[History of the Warfare of Science with Theology in Christendom by Andrew Dickson White]@TWC D-Link bookHistory of the Warfare of Science with Theology in Christendom CHAPTER XIV 11/55
Even this proved vain, and the Church authorities then ordered expiatory processions and ceremonies to propitiate the Almighty, the Virgin, and the saints, who had been offended by this temporary effort to bribe their enemies. But this sort of theological reasoning developed an idea far more disastrous, and this was that Satan, in causing pestilences, used as his emissaries especially Jews and witches.

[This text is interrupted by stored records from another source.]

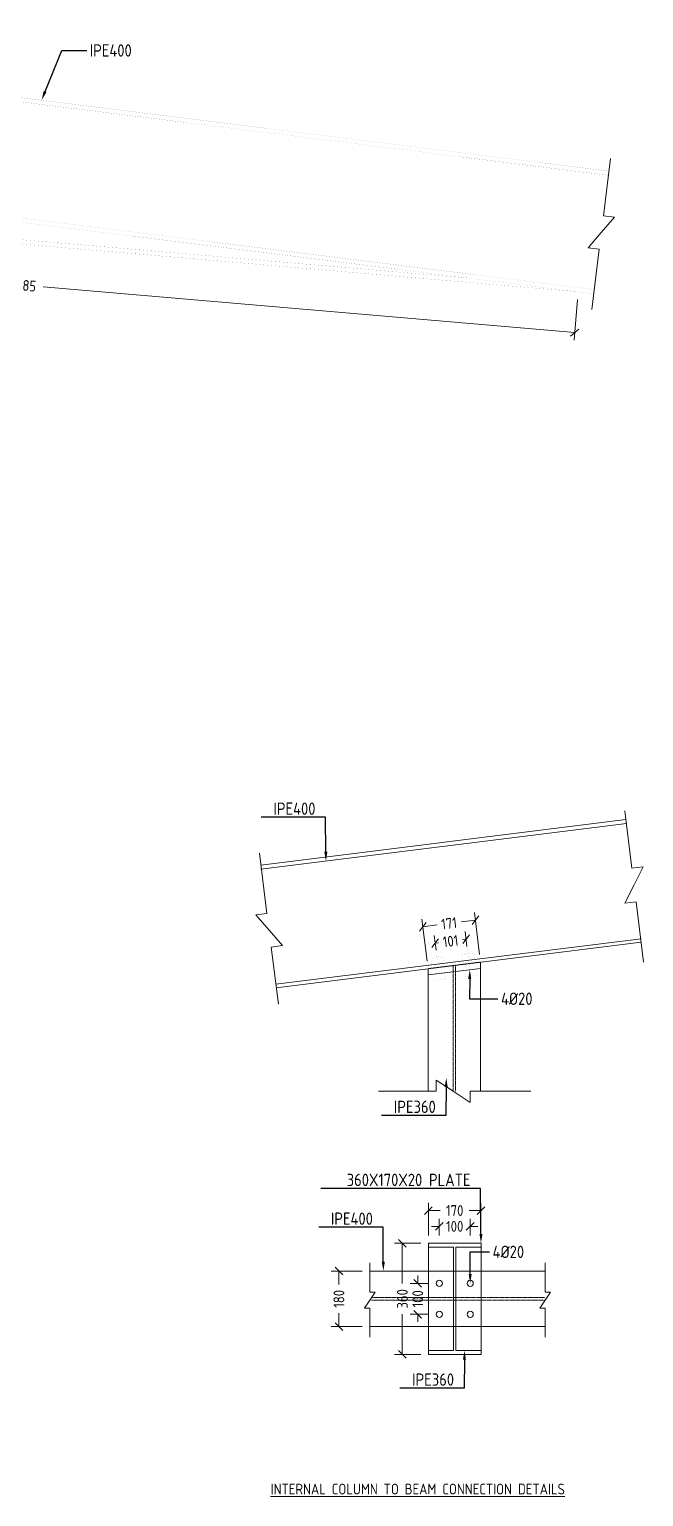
# Model space of a CAD drawing. Header units: millimetres. Extents: x -388065 to 2372687422, y -192755 to 667797.
# Drawn here: x 195968 to 197955, y 562865 to 567615 of the extents above; entities that cross this region are included whole.
import ezdxf
from ezdxf import colors
from ezdxf.entities.mleader import LeaderData, LeaderLine
from ezdxf.math import Vec2, Vec3

# ---------------------------------------------------------------- set-up
doc = ezdxf.new("R2010")
doc.units = ezdxf.units.MM
doc.linetypes.add('DASHDOTED', pattern=[110, 50, -25, 10, -25])
doc.linetypes.add('HIDDEN2', pattern=[4.7625, 3.175, -1.5875])
for name, color, linetype, lineweight in [('STR-DIM', 1, 'Continuous', 9), ('STR-STEEL_IN_SEC', 6, 'Continuous', 15), ('STR-STEEL_IN_SEC_HIDD', 6, 'HIDDEN2', 15), ('STR-TEXT', 7, 'Continuous', 9)]:
    doc.layers.add(name, color=color, linetype=linetype, lineweight=lineweight)
doc.styles.add('MINA_MM_LAYOUT', font='dim.shx', dxfattribs={"height": 250})
doc.styles.add('MINA_MM_STEEL_DETAIL', font='dim.shx', dxfattribs={"height": 35})
doc.dimstyles.new('MINA_MM_STEEL_DET', dxfattribs={"dimtxt": 35, "dimasz": 25, "dimexe": 25, "dimexo": 25, "dimgap": 5, "dimtad": 0, "dimdec": 0, "dimzin": 0, "dimdsep": 46, "dimtxsty": 'MINA_MM_STEEL_DETAIL', "dimblk": 'OBLIQUE', "dimcen": 0.09, "dimclrd": 256, "dimclre": 256, "dimclrt": 7, "dimadec": 0, "dimazin": 0, "dimtfac": 1, "dimtdec": 0, "dimtix": 1, "dimtofl": 0, "dimtmove": 0, "dimatfit": 0, "dimfxl": 1, "dimtolj": 1, "dimtzin": 0, "dimlwd": -1, "dimlwe": -1, "dimarcsym": 0})

# ---------------------------------------------------------------- blocks, each defined once
blk = doc.blocks.new('_OBLIQUE')
at = {"color": 0, "linetype": 'ByBlock'}
blk.add_line((-0.5, -0.5), (0.5, 0.5), dxfattribs=at)
blk = doc.blocks.new('*D2042')
at = {"layer": 'Defpoints', "color": 0, "ltscale": 0.1, "transparency": 16777216}
for p in [(194171.8, 567072), (197744, 566765.4), (197732.7, 566633.5)]:
    blk.add_point(p, dxfattribs=at)
at = {"layer": 'STR-DIM', "ltscale": 0.1, "transparency": 16777216}
for p, q in [((194169.6, 567047), (194158.3, 566915.1)), ((194160.4, 566940), (195880.1, 566792.5)), ((197732.7, 566633.5), (196013, 566781.1)), ((197741.8, 566740.5), (197730.5, 566608.6))]:
    blk.add_line(p, q, dxfattribs=at)
at = {"layer": 'STR-DIM', "ltscale": 0.1, "transparency": 16777216, "xscale": 25, "yscale": 25, "zscale": 25}
for p, rotation in [((194160.4, 566940), 175.0956087054219), ((197732.7, 566633.5), 355.0956087054219)]:
    blk.add_blockref('_OBLIQUE', p, dxfattribs=dict(at, rotation=rotation))
at = {"layer": 'STR-DIM', "color": 7, "ltscale": 0.1, "transparency": 16777216, "insert": (195946.5, 566786.8), "char_height": 35, "attachment_point": 5, "rotation": 355.0956, "style": 'MINA_MM_STEEL_DETAIL'}
blk.add_mtext('\\A1;3585', dxfattribs=at)
blk = doc.blocks.new('*D2088')
at = {"layer": 'Defpoints', "color": 0, "ltscale": 0.1, "transparency": 16777216}
for p in [(197259.2, 563685.1), (197174.6, 563325.1), (197259.2, 563325.1)]:
    blk.add_point(p, dxfattribs=at)
at = {"layer": 'STR-DIM', "ltscale": 0.1, "transparency": 16777216}
for p, q in [((197234.2, 563685.1), (197149.6, 563685.1)), ((197174.6, 563685.1), (197174.6, 563555.1)), ((197174.6, 563325.1), (197174.6, 563455.1)), ((197234.2, 563325.1), (197149.6, 563325.1))]:
    blk.add_line(p, q, dxfattribs=at)
at = {"layer": 'STR-DIM', "ltscale": 0.1, "transparency": 16777216, "xscale": 25, "yscale": 25, "zscale": 25}
for p, rotation in [((197174.6, 563685.1), 90), ((197174.6, 563325.1), 270)]:
    blk.add_blockref('_OBLIQUE', p, dxfattribs=dict(at, rotation=rotation))
at = {"layer": 'STR-DIM', "color": 7, "ltscale": 0.1, "transparency": 16777216, "insert": (197174.6, 563505.1), "char_height": 35, "attachment_point": 5, "rotation": 90, "style": 'MINA_MM_STEEL_DETAIL'}
blk.add_mtext('\\A1;360', dxfattribs=at)
blk = doc.blocks.new('*D2089')
at = {"layer": 'Defpoints', "color": 0, "ltscale": 0.1, "transparency": 16777216}
for p in [(197429.2, 563790.9), (197259.2, 563685.1), (197429.2, 563685.1)]:
    blk.add_point(p, dxfattribs=at)
at = {"layer": 'STR-DIM', "ltscale": 0.1, "transparency": 16777216}
for p, q in [((197259.2, 563710.1), (197259.2, 563815.9)), ((197429.2, 563710.1), (197429.2, 563815.9)), ((197259.2, 563790.9), (197297.6, 563790.9)), ((197429.2, 563790.9), (197390.9, 563790.9))]:
    blk.add_line(p, q, dxfattribs=at)
at = {"layer": 'STR-DIM', "ltscale": 0.1, "transparency": 16777216, "xscale": 25, "yscale": 25, "zscale": 25, "rotation": 180}
blk.add_blockref('_OBLIQUE', (197259.2, 563790.9), dxfattribs=at)
at = {"layer": 'STR-DIM', "ltscale": 0.1, "transparency": 16777216, "xscale": 25, "yscale": 25, "zscale": 25}
blk.add_blockref('_OBLIQUE', (197429.2, 563790.9), dxfattribs=at)
at = {"layer": 'STR-DIM', "color": 7, "ltscale": 0.1, "transparency": 16777216, "insert": (197344.2, 563790.9), "char_height": 35, "attachment_point": 5, "style": 'MINA_MM_STEEL_DETAIL'}
blk.add_mtext('\\A1;170', dxfattribs=at)
blk = doc.blocks.new('*D2090')
at = {"layer": 'Defpoints', "color": 0, "ltscale": 0.1, "transparency": 16777216}
for p in [(197069.3, 563595.1), (196969.5, 563415.1), (197069.3, 563415.1)]:
    blk.add_point(p, dxfattribs=at)
at = {"layer": 'STR-DIM', "ltscale": 0.1, "transparency": 16777216}
for p, q in [((197044.3, 563595.1), (196944.5, 563595.1)), ((196969.5, 563595.1), (196969.5, 563551.7)), ((197044.3, 563415.1), (196944.5, 563415.1)), ((196969.5, 563415.1), (196969.5, 563458.4))]:
    blk.add_line(p, q, dxfattribs=at)
at = {"layer": 'STR-DIM', "ltscale": 0.1, "transparency": 16777216, "xscale": 25, "yscale": 25, "zscale": 25}
for p, rotation in [((196969.5, 563595.1), 90), ((196969.5, 563415.1), 270)]:
    blk.add_blockref('_OBLIQUE', p, dxfattribs=dict(at, rotation=rotation))
at = {"layer": 'STR-DIM', "color": 7, "ltscale": 0.1, "transparency": 16777216, "insert": (196969.5, 563505.1), "char_height": 35, "attachment_point": 5, "rotation": 90, "style": 'MINA_MM_STEEL_DETAIL'}
blk.add_mtext('\\A1;180', dxfattribs=at)
blk = doc.blocks.new('*D2091')
at = {"layer": 'Defpoints', "color": 0, "ltscale": 0.1, "transparency": 16777216}
for p in [(197294.2, 563739.5), (197294.2, 563685.1), (197394.2, 563685.1)]:
    blk.add_point(p, dxfattribs=at)
at = {"layer": 'STR-DIM', "ltscale": 0.1, "transparency": 16777216}
for p, q in [((197294.2, 563710.1), (197294.2, 563764.5)), ((197394.2, 563710.1), (197394.2, 563764.5)), ((197294.2, 563739.5), (197269.2, 563739.5)), ((197394.2, 563739.5), (197419.2, 563739.5))]:
    blk.add_line(p, q, dxfattribs=at)
at = {"layer": 'STR-DIM', "ltscale": 0.1, "transparency": 16777216, "xscale": 25, "yscale": 25, "zscale": 25}
blk.add_blockref('_OBLIQUE', (197294.2, 563739.5), dxfattribs=at)
at = {"layer": 'STR-DIM', "ltscale": 0.1, "transparency": 16777216, "xscale": 25, "yscale": 25, "zscale": 25, "rotation": 180}
blk.add_blockref('_OBLIQUE', (197394.2, 563739.5), dxfattribs=at)
at = {"layer": 'STR-DIM', "color": 7, "ltscale": 0.1, "transparency": 16777216, "insert": (197344.2, 563739.5), "char_height": 35, "attachment_point": 5, "style": 'MINA_MM_STEEL_DETAIL'}
blk.add_mtext('\\A1;100', dxfattribs=at)
blk = doc.blocks.new('*D2092')
at = {"layer": 'Defpoints', "color": 0, "ltscale": 0.1, "transparency": 16777216}
for p in [(197284.2, 563555.1), (197224.6, 563455.1), (197284.2, 563455.1)]:
    blk.add_point(p, dxfattribs=at)
at = {"layer": 'STR-DIM', "ltscale": 0.1, "transparency": 16777216}
for p, q in [((197224.6, 563555.1), (197224.6, 563580.1)), ((197259.2, 563555.1), (197199.6, 563555.1)), ((197259.2, 563455.1), (197199.6, 563455.1)), ((197224.6, 563455.1), (197224.6, 563430.1))]:
    blk.add_line(p, q, dxfattribs=at)
at = {"layer": 'STR-DIM', "ltscale": 0.1, "transparency": 16777216, "xscale": 25, "yscale": 25, "zscale": 25}
for p, rotation in [((197224.6, 563555.1), 270), ((197224.6, 563455.1), 90)]:
    blk.add_blockref('_OBLIQUE', p, dxfattribs=dict(at, rotation=rotation))
at = {"layer": 'STR-DIM', "color": 7, "ltscale": 0.1, "transparency": 16777216, "insert": (197224.6, 563505.1), "char_height": 35, "attachment_point": 5, "rotation": 90, "style": 'MINA_MM_STEEL_DETAIL'}
blk.add_mtext('\\A1;100', dxfattribs=at)
blk = doc.blocks.new('*D2093')
at = {"layer": 'Defpoints', "color": 0, "ltscale": 0.1, "transparency": 16777216}
for p in [(197280.8, 564656.7), (197286.8, 564608.6), (197386.8, 564621.1)]:
    blk.add_point(p, dxfattribs=at)
at = {"layer": 'STR-DIM', "ltscale": 0.1, "transparency": 16777216}
for p, q in [((197283.7, 564633.4), (197277.7, 564681.5)), ((197280.8, 564656.7), (197292, 564658.1)), ((197380.8, 564669.2), (197369.7, 564667.8)), ((197383.7, 564645.9), (197377.7, 564694))]:
    blk.add_line(p, q, dxfattribs=at)
at = {"layer": 'STR-DIM', "ltscale": 0.1, "transparency": 16777216, "xscale": 25, "yscale": 25, "zscale": 25}
for p, rotation in [((197280.8, 564656.7), 187.1162569914693), ((197380.8, 564669.2), 7.116256991469321)]:
    blk.add_blockref('_OBLIQUE', p, dxfattribs=dict(at, rotation=rotation))
at = {"layer": 'STR-DIM', "color": 7, "ltscale": 0.1, "transparency": 16777216, "insert": (197330.8, 564663), "char_height": 35, "attachment_point": 5, "rotation": 7.1163, "style": 'MINA_MM_STEEL_DETAIL'}
blk.add_mtext('\\A1;101', dxfattribs=at)
blk = doc.blocks.new('*D2094')
at = {"layer": 'Defpoints', "color": 0, "ltscale": 0.1, "transparency": 16777216}
for p in [(197241, 564709.8), (197258, 564573.9), (197428, 564595.1)]:
    blk.add_point(p, dxfattribs=at)
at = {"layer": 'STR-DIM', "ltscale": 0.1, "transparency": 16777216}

The proof of this belief in the case of the Jews was seen in the fact that they escaped with a less percentage of disease than did the Christians in the great plague periods.
This was doubtless due in some measure to their remarkable sanitary system, which had probably originated thousands of years before in Egypt, and had been handed down through Jewish lawgivers and statesmen.
Certainly they observed more careful sanitary rules and more constant abstinence from dangerous foods than was usual among Christians; but the public at large could not understand so simple a cause, and jumped to the conclusion that their immunity resulted from protection by Satan, and that this protection was repaid and the pestilence caused by their wholesale poisoning of Christians.
As a result of this mode of thought, attempts were made in all parts of Europe to propitiate the Almighty, to thwart Satan, and to stop the plague by torturing and murdering the Jews.